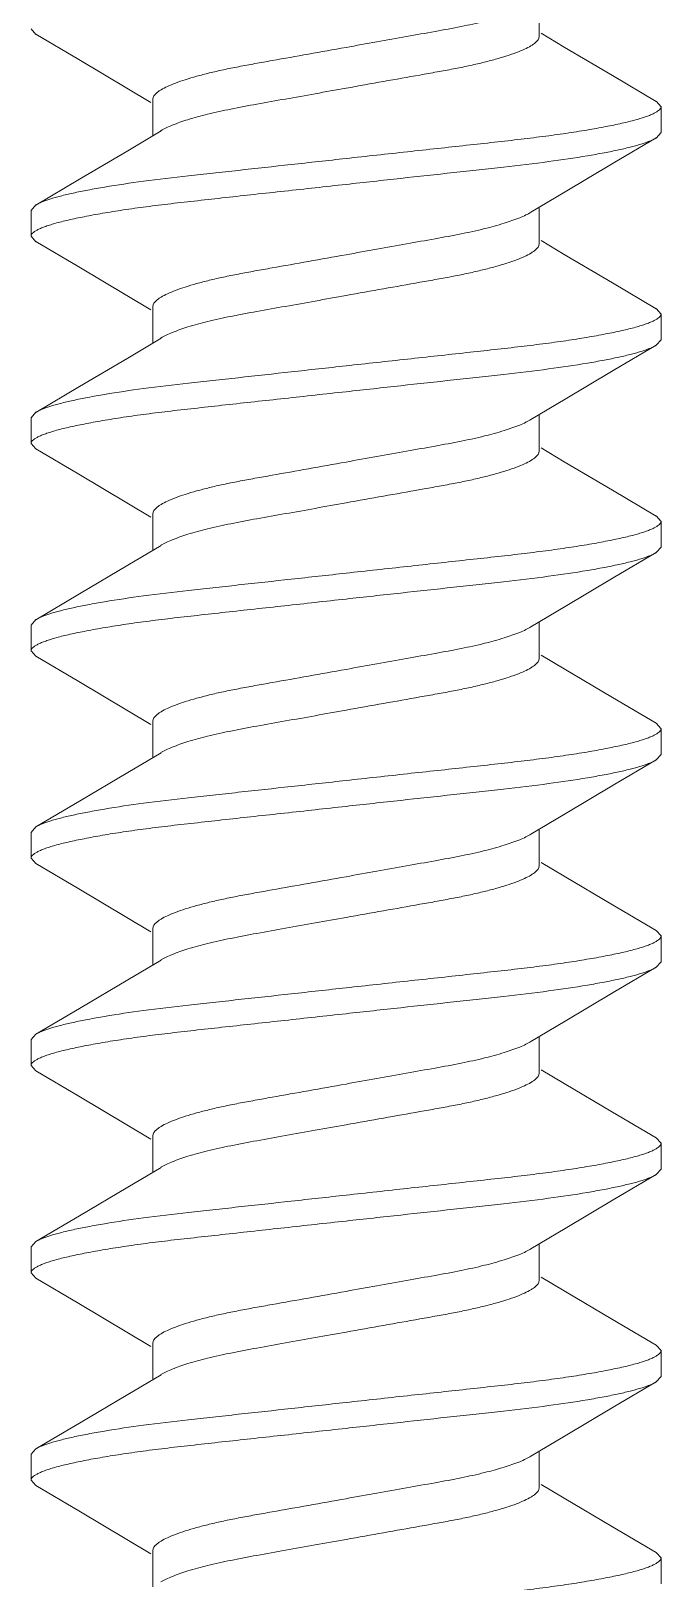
# Model space of a CAD drawing. Header units: inches. Extents: x 8 to 28, y 8.2 to 13.5.
# Drawn here: x 9.0574 to 9.2474, y 12.1252 to 12.5928 of the extents above; entities that cross this region are included whole.
import ezdxf

# ---------------------------------------------------------------- set-up
doc = ezdxf.new("R2010")
doc.units = ezdxf.units.IN
doc.header["$MEASUREMENT"] = 0
doc.layers.get('0').update_dxf_attribs({"true_color": 0xc2ced6})
doc.layers.add('SHADE-BRACKET', color=7, linetype='Continuous', lineweight=30)
doc.layers.add('SHADE-BRACKET_SCREW', color=7, linetype='Continuous', lineweight=5)

# ---------------------------------------------------------------- blocks, each defined once
blk = doc.blocks.new('SCREW2-085603')
at = {"layer": 'SHADE-BRACKET_SCREW'}
for p, q in [((9.21064, 12.60216), (9.21064, 12.59117)), ((9.05736, 12.59342), (9.05878, 12.59178)), ((9.05878, 12.59182), (9.07176, 12.58419)), ((9.21819, 12.58796), (9.21122, 12.59214)), ((9.23271, 12.57936), (9.21819, 12.58796)), ((9.07176, 12.58419), (9.08627, 12.57559)), ((9.24593, 12.57158), (9.23271, 12.57936)), ((9.08627, 12.57559), (9.09349, 12.57125)), ((9.09407, 12.57222), (9.09407, 12.56124)), ((9.24736, 12.56997), (9.24593, 12.57161)), ((9.24736, 12.56217), (9.24736, 12.56997)), ((9.09657, 12.56273), (9.08652, 12.55671)), ((9.23295, 12.55294), (9.24593, 12.56057)), ((9.24736, 12.56217), (9.24593, 12.56053)), ((9.08652, 12.55671), (9.07201, 12.54811)), ((9.21844, 12.54434), (9.23295, 12.55294)), ((9.07201, 12.54811), (9.05878, 12.54033)), ((9.20815, 12.53816), (9.21844, 12.54434)), ((9.05736, 12.53872), (9.05878, 12.54036)), ((9.21064, 12.53966), (9.21064, 12.52867)), ((9.05736, 12.53872), (9.05736, 12.53092)), ((9.05736, 12.53092), (9.05878, 12.52928)), ((9.05878, 12.52932), (9.07176, 12.52169)), ((9.21819, 12.52546), (9.21122, 12.52964)), ((9.07176, 12.52169), (9.08627, 12.51309)), ((9.23271, 12.51686), (9.21819, 12.52546)), ((9.24593, 12.50908), (9.23271, 12.51686)), ((9.08627, 12.51309), (9.09349, 12.50875)), ((9.09407, 12.50972), (9.09407, 12.49874)), ((9.24736, 12.50747), (9.24593, 12.50911)), ((9.24736, 12.49967), (9.24736, 12.50747)), ((9.09657, 12.50023), (9.08652, 12.49421)), ((9.23295, 12.49044), (9.24593, 12.49807)), ((9.24736, 12.49967), (9.24593, 12.49803)), ((9.08652, 12.49421), (9.07201, 12.48561)), ((9.21844, 12.48184), (9.23295, 12.49044)), ((9.07201, 12.48561), (9.05878, 12.47783)), ((9.20815, 12.47566), (9.21844, 12.48184)), ((9.05736, 12.47622), (9.05878, 12.47786)), ((9.05736, 12.47622), (9.05736, 12.46842)), ((9.21064, 12.47716), (9.21064, 12.46617)), ((9.05736, 12.46842), (9.05878, 12.46678)), ((9.05878, 12.46682), (9.07176, 12.45919)), ((9.21819, 12.46296), (9.21122, 12.46714)), ((9.23271, 12.45436), (9.21819, 12.46296)), ((9.07176, 12.45919), (9.08627, 12.45059)), ((9.24593, 12.44658), (9.23271, 12.45436)), ((9.08627, 12.45059), (9.09349, 12.44625)), ((9.09407, 12.44722), (9.09407, 12.43624)), ((9.24736, 12.44497), (9.24593, 12.44661)), ((9.24736, 12.43717), (9.24736, 12.44497)), ((9.09657, 12.43773), (9.08652, 12.43171)), ((9.24736, 12.43717), (9.24593, 12.43553)), ((9.23295, 12.42794), (9.24593, 12.43557)), ((9.08652, 12.43171), (9.07201, 12.42311)), ((9.21844, 12.41934), (9.23295, 12.42794)), ((9.07201, 12.42311), (9.05878, 12.41533)), ((9.20815, 12.41316), (9.21844, 12.41934)), ((9.05736, 12.41372), (9.05878, 12.41536)), ((9.05736, 12.41372), (9.05736, 12.40592)), ((9.21064, 12.41466), (9.21064, 12.40367)), ((9.05736, 12.40592), (9.05878, 12.40428)), ((9.05878, 12.40432), (9.07176, 12.39669)), ((9.21819, 12.40046), (9.21122, 12.40464)), ((9.23271, 12.39186), (9.21819, 12.40046)), ((9.07176, 12.39669), (9.08627, 12.38809)), ((9.24593, 12.38408), (9.23271, 12.39186)), ((9.08627, 12.38809), (9.09349, 12.38375)), ((9.09407, 12.38472), (9.09407, 12.37374)), ((9.24736, 12.38247), (9.24593, 12.38411)), ((9.24736, 12.37467), (9.24736, 12.38247)), ((9.09657, 12.37523), (9.08652, 12.36921)), ((9.23295, 12.36544), (9.24593, 12.37307)), ((9.24736, 12.37467), (9.24593, 12.37303)), ((9.08652, 12.36921), (9.07201, 12.36061)), ((9.21844, 12.35684), (9.23295, 12.36544)), ((9.07201, 12.36061), (9.05878, 12.35283)), ((9.05736, 12.35122), (9.05878, 12.35286)), ((9.20815, 12.35066), (9.21844, 12.35684)), ((9.05736, 12.35122), (9.05736, 12.34342)), ((9.21064, 12.35216), (9.21064, 12.34117)), ((9.05736, 12.34342), (9.05878, 12.34178)), ((9.05878, 12.34182), (9.07176, 12.33419)), ((9.21819, 12.33796), (9.21122, 12.34214)), ((9.07176, 12.33419), (9.08627, 12.32559)), ((9.23271, 12.32936), (9.21819, 12.33796)), ((9.24593, 12.32158), (9.23271, 12.32936)), ((9.08627, 12.32559), (9.09349, 12.32125)), ((9.09407, 12.32222), (9.09407, 12.31124)), ((9.24736, 12.31997), (9.24593, 12.32161)), ((9.24736, 12.31217), (9.24736, 12.31997)), ((9.09657, 12.31273), (9.08652, 12.30671)), ((9.23295, 12.30294), (9.24593, 12.31057)), ((9.24736, 12.31217), (9.24593, 12.31053)), ((9.08652, 12.30671), (9.07201, 12.29811)), ((9.21844, 12.29434), (9.23295, 12.30294)), ((9.07201, 12.29811), (9.05878, 12.29033)), ((9.20815, 12.28816), (9.21844, 12.29434)), ((9.05736, 12.28872), (9.05878, 12.29036)), ((9.05736, 12.28872), (9.05736, 12.28092)), ((9.21064, 12.28966), (9.21064, 12.27867)), ((9.05736, 12.28092), (9.05878, 12.27928)), ((9.05878, 12.27932), (9.07176, 12.27169)), ((9.21819, 12.27546), (9.21122, 12.27964)), ((9.23271, 12.26686), (9.21819, 12.27546)), ((9.07176, 12.27169), (9.08627, 12.26309)), ((9.24593, 12.25908), (9.23271, 12.26686)), ((9.08627, 12.26309), (9.09349, 12.25875)), ((9.09407, 12.25972), (9.09407, 12.24874)), ((9.24736, 12.25747), (9.24593, 12.25911)), ((9.24736, 12.24967), (9.24736, 12.25747)), ((9.09657, 12.25023), (9.08652, 12.24421)), ((9.23295, 12.24044), (9.24593, 12.24807)), ((9.24736, 12.24967), (9.24593, 12.24803)), ((9.08652, 12.24421), (9.07201, 12.23561)), ((9.21844, 12.23184), (9.23295, 12.24044)), ((9.07201, 12.23561), (9.05878, 12.22783)), ((9.20815, 12.22566), (9.21844, 12.23184)), ((9.05736, 12.22622), (9.05878, 12.22786)), ((9.21064, 12.22716), (9.21064, 12.21617)), ((9.05736, 12.22622), (9.05736, 12.21842)), ((9.05736, 12.21842), (9.05878, 12.21678)), ((9.21819, 12.21296), (9.21122, 12.21714)), ((9.05878, 12.21682), (9.07176, 12.20919)), ((9.23271, 12.20436), (9.21819, 12.21296)), ((9.07176, 12.20919), (9.08627, 12.20059)), ((9.24593, 12.19658), (9.23271, 12.20436)), ((9.08627, 12.20059), (9.09349, 12.19625)), ((9.09407, 12.19722), (9.09407, 12.18624)), ((9.24736, 12.19497), (9.24593, 12.19661)), ((9.24736, 12.18717), (9.24736, 12.19497)), ((9.09657, 12.18773), (9.08652, 12.18171)), ((9.23295, 12.17794), (9.24593, 12.18557)), ((9.24736, 12.18717), (9.24593, 12.18553)), ((9.08652, 12.18171), (9.07201, 12.17311)), ((9.21844, 12.16934), (9.23295, 12.17794)), ((9.07201, 12.17311), (9.05878, 12.16533)), ((9.20815, 12.16316), (9.21844, 12.16934)), ((9.05736, 12.16372), (9.05878, 12.16536)), ((9.05736, 12.16372), (9.05736, 12.15592)), ((9.21064, 12.16466), (9.21064, 12.15367)), ((9.05736, 12.15592), (9.05878, 12.15428)), ((9.05878, 12.15432), (9.07176, 12.14669)), ((9.21819, 12.15046), (9.21122, 12.15464)), ((9.23271, 12.14186), (9.21819, 12.15046)), ((9.07176, 12.14669), (9.08627, 12.13809)), ((9.08627, 12.13809), (9.09349, 12.13375)), ((9.24593, 12.13408), (9.23271, 12.14186)), ((9.09407, 12.13472), (9.09407, 12.12374)), ((9.24736, 12.13247), (9.24593, 12.13411)), ((9.24736, 12.12467), (9.24736, 12.13247))]:
    blk.add_line(p, q, dxfattribs=at)
for points, knots in [([(9.15236, 12.58785), (9.15544, 12.5884), (9.16154, 12.58949), (9.17049, 12.59109), (9.179, 12.59261), (9.18684, 12.59403), (9.1938, 12.59557), (9.19969, 12.59717), (9.20386, 12.59859), (9.20654, 12.59976), (9.20765, 12.60035), (9.20815, 12.60064)], [0, 0, 0, 0, 0.163751, 0.323578, 0.475301, 0.615268, 0.740207, 0.847348, 0.934421, 0.969943, 1, 1, 1, 1]), ([(9.21064, 12.59117), (9.21064, 12.59045), (9.20987, 12.58956), (9.20886, 12.58879), (9.20777, 12.58809), (9.20607, 12.58723), (9.20362, 12.58622), (9.20068, 12.58522), (9.19729, 12.58421), (9.19346, 12.58322), (9.18923, 12.58225), (9.18464, 12.58133), (9.17974, 12.58043), (9.17273, 12.57918), (9.16357, 12.57756), (9.15614, 12.57623), (9.15236, 12.57555)], [0, 0, 0, 0, 0.035498, 0.048473, 0.063325, 0.098788, 0.141982, 0.192728, 0.250682, 0.315413, 0.386372, 0.462975, 0.54456, 0.630399, 0.811708, 1, 1, 1, 1]), ([(9.09407, 12.57222), (9.09407, 12.57295), (9.09484, 12.57383), (9.09585, 12.5746), (9.09694, 12.57531), (9.09864, 12.57617), (9.10109, 12.57717), (9.10403, 12.57818), (9.10743, 12.57918), (9.11125, 12.58018), (9.11548, 12.58114), (9.12007, 12.58206), (9.12497, 12.58296), (9.13198, 12.58421), (9.14114, 12.58584), (9.14857, 12.58717), (9.15236, 12.58785)], [0, 0, 0, 0, 0.0355, 0.048476, 0.063327, 0.09879, 0.141984, 0.19273, 0.250683, 0.315414, 0.386374, 0.462977, 0.544561, 0.6304, 0.811708, 1, 1, 1, 1]), ([(9.09656, 12.56274), (9.09706, 12.56304), (9.09817, 12.56362), (9.10085, 12.5648), (9.10501, 12.56623), (9.11091, 12.56782), (9.11787, 12.56935), (9.12571, 12.57081), (9.13422, 12.57231), (9.14318, 12.5739), (9.14927, 12.57499), (9.15236, 12.57555)], [0, 0, 0, 0, 0.030085, 0.065638, 0.152728, 0.259843, 0.384768, 0.524736, 0.676447, 0.836264, 1, 1, 1, 1]), ([(9.15236, 12.55435), (9.15853, 12.55503), (9.16772, 12.55604), (9.17984, 12.55736), (9.18859, 12.55831), (9.19699, 12.55923), (9.20497, 12.56013), (9.21244, 12.56105), (9.21933, 12.56201), (9.22557, 12.56301), (9.23111, 12.56401), (9.23589, 12.56502), (9.23937, 12.56589), (9.24174, 12.5666), (9.2432, 12.56709), (9.24445, 12.56758), (9.24548, 12.56807), (9.24628, 12.56854), (9.24687, 12.56901), (9.24725, 12.56947), (9.24736, 12.56982), (9.24736, 12.56997)], [0, 0, 0, 0, 0.191926, 0.285647, 0.376594, 0.463938, 0.546872, 0.624622, 0.69646, 0.761742, 0.819858, 0.870312, 0.912669, 0.930712, 0.946635, 0.960426, 0.972091, 0.981675, 0.989299, 0.995219, 1, 1, 1, 1]), ([(9.24593, 12.56054), (9.24536, 12.5602), (9.24395, 12.55955), (9.24146, 12.55869), (9.23829, 12.5578), (9.23447, 12.55691), (9.23003, 12.55601), (9.22297, 12.55476), (9.21287, 12.55326), (9.20197, 12.55199), (9.19243, 12.55094), (9.18208, 12.5498), (9.16869, 12.54834), (9.15786, 12.54715), (9.15236, 12.54655)], [0, 0, 0, 0, 0.020948, 0.048787, 0.083488, 0.124911, 0.172786, 0.226791, 0.351632, 0.495834, 0.573894, 0.655173, 0.824996, 1, 1, 1, 1]), ([(9.05878, 12.54036), (9.05935, 12.5407), (9.06076, 12.54134), (9.06325, 12.54221), (9.06642, 12.54309), (9.07024, 12.54399), (9.07468, 12.54488), (9.08174, 12.54614), (9.09184, 12.54763), (9.10274, 12.54891), (9.11228, 12.54995), (9.12263, 12.55109), (9.13602, 12.55255), (9.14686, 12.55374), (9.15236, 12.55435)], [0, 0, 0, 0, 0.020948, 0.048787, 0.083489, 0.124912, 0.172787, 0.226792, 0.351633, 0.495836, 0.573896, 0.655174, 0.824996, 1, 1, 1, 1]), ([(9.15236, 12.54655), (9.14618, 12.54587), (9.13699, 12.54486), (9.12487, 12.54354), (9.11612, 12.54258), (9.10772, 12.54165), (9.09974, 12.54076), (9.09227, 12.53985), (9.08538, 12.53888), (9.07914, 12.53789), (9.0736, 12.53688), (9.06882, 12.53588), (9.06534, 12.53501), (9.06297, 12.5343), (9.06151, 12.5338), (9.06026, 12.53331), (9.05923, 12.53283), (9.05843, 12.53236), (9.05784, 12.53189), (9.05746, 12.53142), (9.05736, 12.53108), (9.05736, 12.53092)], [0, 0, 0, 0, 0.191926, 0.285649, 0.376598, 0.463942, 0.546875, 0.624623, 0.696462, 0.761746, 0.819863, 0.870316, 0.912672, 0.930715, 0.946638, 0.960429, 0.972093, 0.981677, 0.9893, 0.99522, 1, 1, 1, 1]), ([(9.15236, 12.52535), (9.15544, 12.5259), (9.16154, 12.52699), (9.17049, 12.52859), (9.179, 12.53011), (9.18684, 12.53153), (9.1938, 12.53307), (9.19969, 12.53467), (9.20386, 12.53609), (9.20654, 12.53726), (9.20765, 12.53785), (9.20815, 12.53814)], [0, 0, 0, 0, 0.163751, 0.323578, 0.475301, 0.615268, 0.740207, 0.847348, 0.934421, 0.969943, 1, 1, 1, 1]), ([(9.21064, 12.52867), (9.21064, 12.52795), (9.20987, 12.52706), (9.20886, 12.52629), (9.20777, 12.52559), (9.20607, 12.52473), (9.20362, 12.52372), (9.20068, 12.52272), (9.19729, 12.52171), (9.19346, 12.52072), (9.18923, 12.51975), (9.18464, 12.51883), (9.17974, 12.51793), (9.17273, 12.51668), (9.16357, 12.51506), (9.15614, 12.51373), (9.15236, 12.51305)], [0, 0, 0, 0, 0.035498, 0.048473, 0.063325, 0.098788, 0.141982, 0.192728, 0.250682, 0.315413, 0.386372, 0.462975, 0.54456, 0.630399, 0.811708, 1, 1, 1, 1]), ([(9.09407, 12.50972), (9.09407, 12.51045), (9.09484, 12.51133), (9.09585, 12.5121), (9.09694, 12.51281), (9.09864, 12.51367), (9.10109, 12.51467), (9.10403, 12.51568), (9.10743, 12.51668), (9.11125, 12.51768), (9.11548, 12.51864), (9.12007, 12.51956), (9.12497, 12.52046), (9.13198, 12.52171), (9.14114, 12.52334), (9.14857, 12.52467), (9.15236, 12.52535)], [0, 0, 0, 0, 0.0355, 0.048476, 0.063327, 0.09879, 0.141984, 0.19273, 0.250683, 0.315414, 0.386374, 0.462977, 0.544561, 0.6304, 0.811708, 1, 1, 1, 1]), ([(9.09656, 12.50024), (9.09706, 12.50054), (9.09817, 12.50112), (9.10085, 12.5023), (9.10501, 12.50373), (9.11091, 12.50532), (9.11787, 12.50685), (9.12571, 12.50831), (9.13422, 12.50981), (9.14318, 12.5114), (9.14927, 12.51249), (9.15236, 12.51305)], [0, 0, 0, 0, 0.030085, 0.065638, 0.152728, 0.259843, 0.384768, 0.524736, 0.676447, 0.836264, 1, 1, 1, 1]), ([(9.15236, 12.49185), (9.15853, 12.49253), (9.16772, 12.49354), (9.17984, 12.49486), (9.18859, 12.49581), (9.19699, 12.49673), (9.20497, 12.49763), (9.21244, 12.49855), (9.21933, 12.49951), (9.22557, 12.50051), (9.23111, 12.50151), (9.23589, 12.50252), (9.23937, 12.50339), (9.24174, 12.5041), (9.2432, 12.50459), (9.24445, 12.50508), (9.24548, 12.50557), (9.24628, 12.50604), (9.24687, 12.50651), (9.24725, 12.50697), (9.24736, 12.50732), (9.24736, 12.50747)], [0, 0, 0, 0, 0.191926, 0.285647, 0.376594, 0.463938, 0.546872, 0.624622, 0.69646, 0.761742, 0.819858, 0.870312, 0.912669, 0.930712, 0.946635, 0.960426, 0.972091, 0.981675, 0.989299, 0.995219, 1, 1, 1, 1]), ([(9.24593, 12.49804), (9.24536, 12.4977), (9.24395, 12.49705), (9.24146, 12.49619), (9.23829, 12.4953), (9.23447, 12.49441), (9.23003, 12.49351), (9.22297, 12.49226), (9.21287, 12.49076), (9.20197, 12.48949), (9.19243, 12.48844), (9.18208, 12.4873), (9.16869, 12.48584), (9.15786, 12.48465), (9.15236, 12.48405)], [0, 0, 0, 0, 0.020948, 0.048787, 0.083488, 0.124911, 0.172786, 0.226791, 0.351632, 0.495834, 0.573894, 0.655173, 0.824996, 1, 1, 1, 1]), ([(9.05878, 12.47786), (9.05935, 12.4782), (9.06076, 12.47884), (9.06325, 12.47971), (9.06642, 12.48059), (9.07024, 12.48149), (9.07468, 12.48238), (9.08174, 12.48364), (9.09184, 12.48513), (9.10274, 12.48641), (9.11228, 12.48745), (9.12263, 12.48859), (9.13602, 12.49005), (9.14686, 12.49124), (9.15236, 12.49185)], [0, 0, 0, 0, 0.020948, 0.048787, 0.083489, 0.124912, 0.172787, 0.226792, 0.351633, 0.495836, 0.573896, 0.655174, 0.824996, 1, 1, 1, 1]), ([(9.15236, 12.48405), (9.14618, 12.48337), (9.13699, 12.48236), (9.12487, 12.48104), (9.11612, 12.48008), (9.10772, 12.47915), (9.09974, 12.47826), (9.09227, 12.47735), (9.08538, 12.47638), (9.07914, 12.47539), (9.0736, 12.47438), (9.06882, 12.47338), (9.06534, 12.47251), (9.06297, 12.4718), (9.06151, 12.4713), (9.06026, 12.47081), (9.05923, 12.47033), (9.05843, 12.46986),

--------------------

Search the records for the word "linetype" and copy every line where it occurs.

TASK RESULT:
doc.layers.add('SHADE-BRACKET', color=7, linetype='Continuous', lineweight=30)
doc.layers.add('SHADE-BRACKET_SCREW', color=7, linetype='Continuous', lineweight=5)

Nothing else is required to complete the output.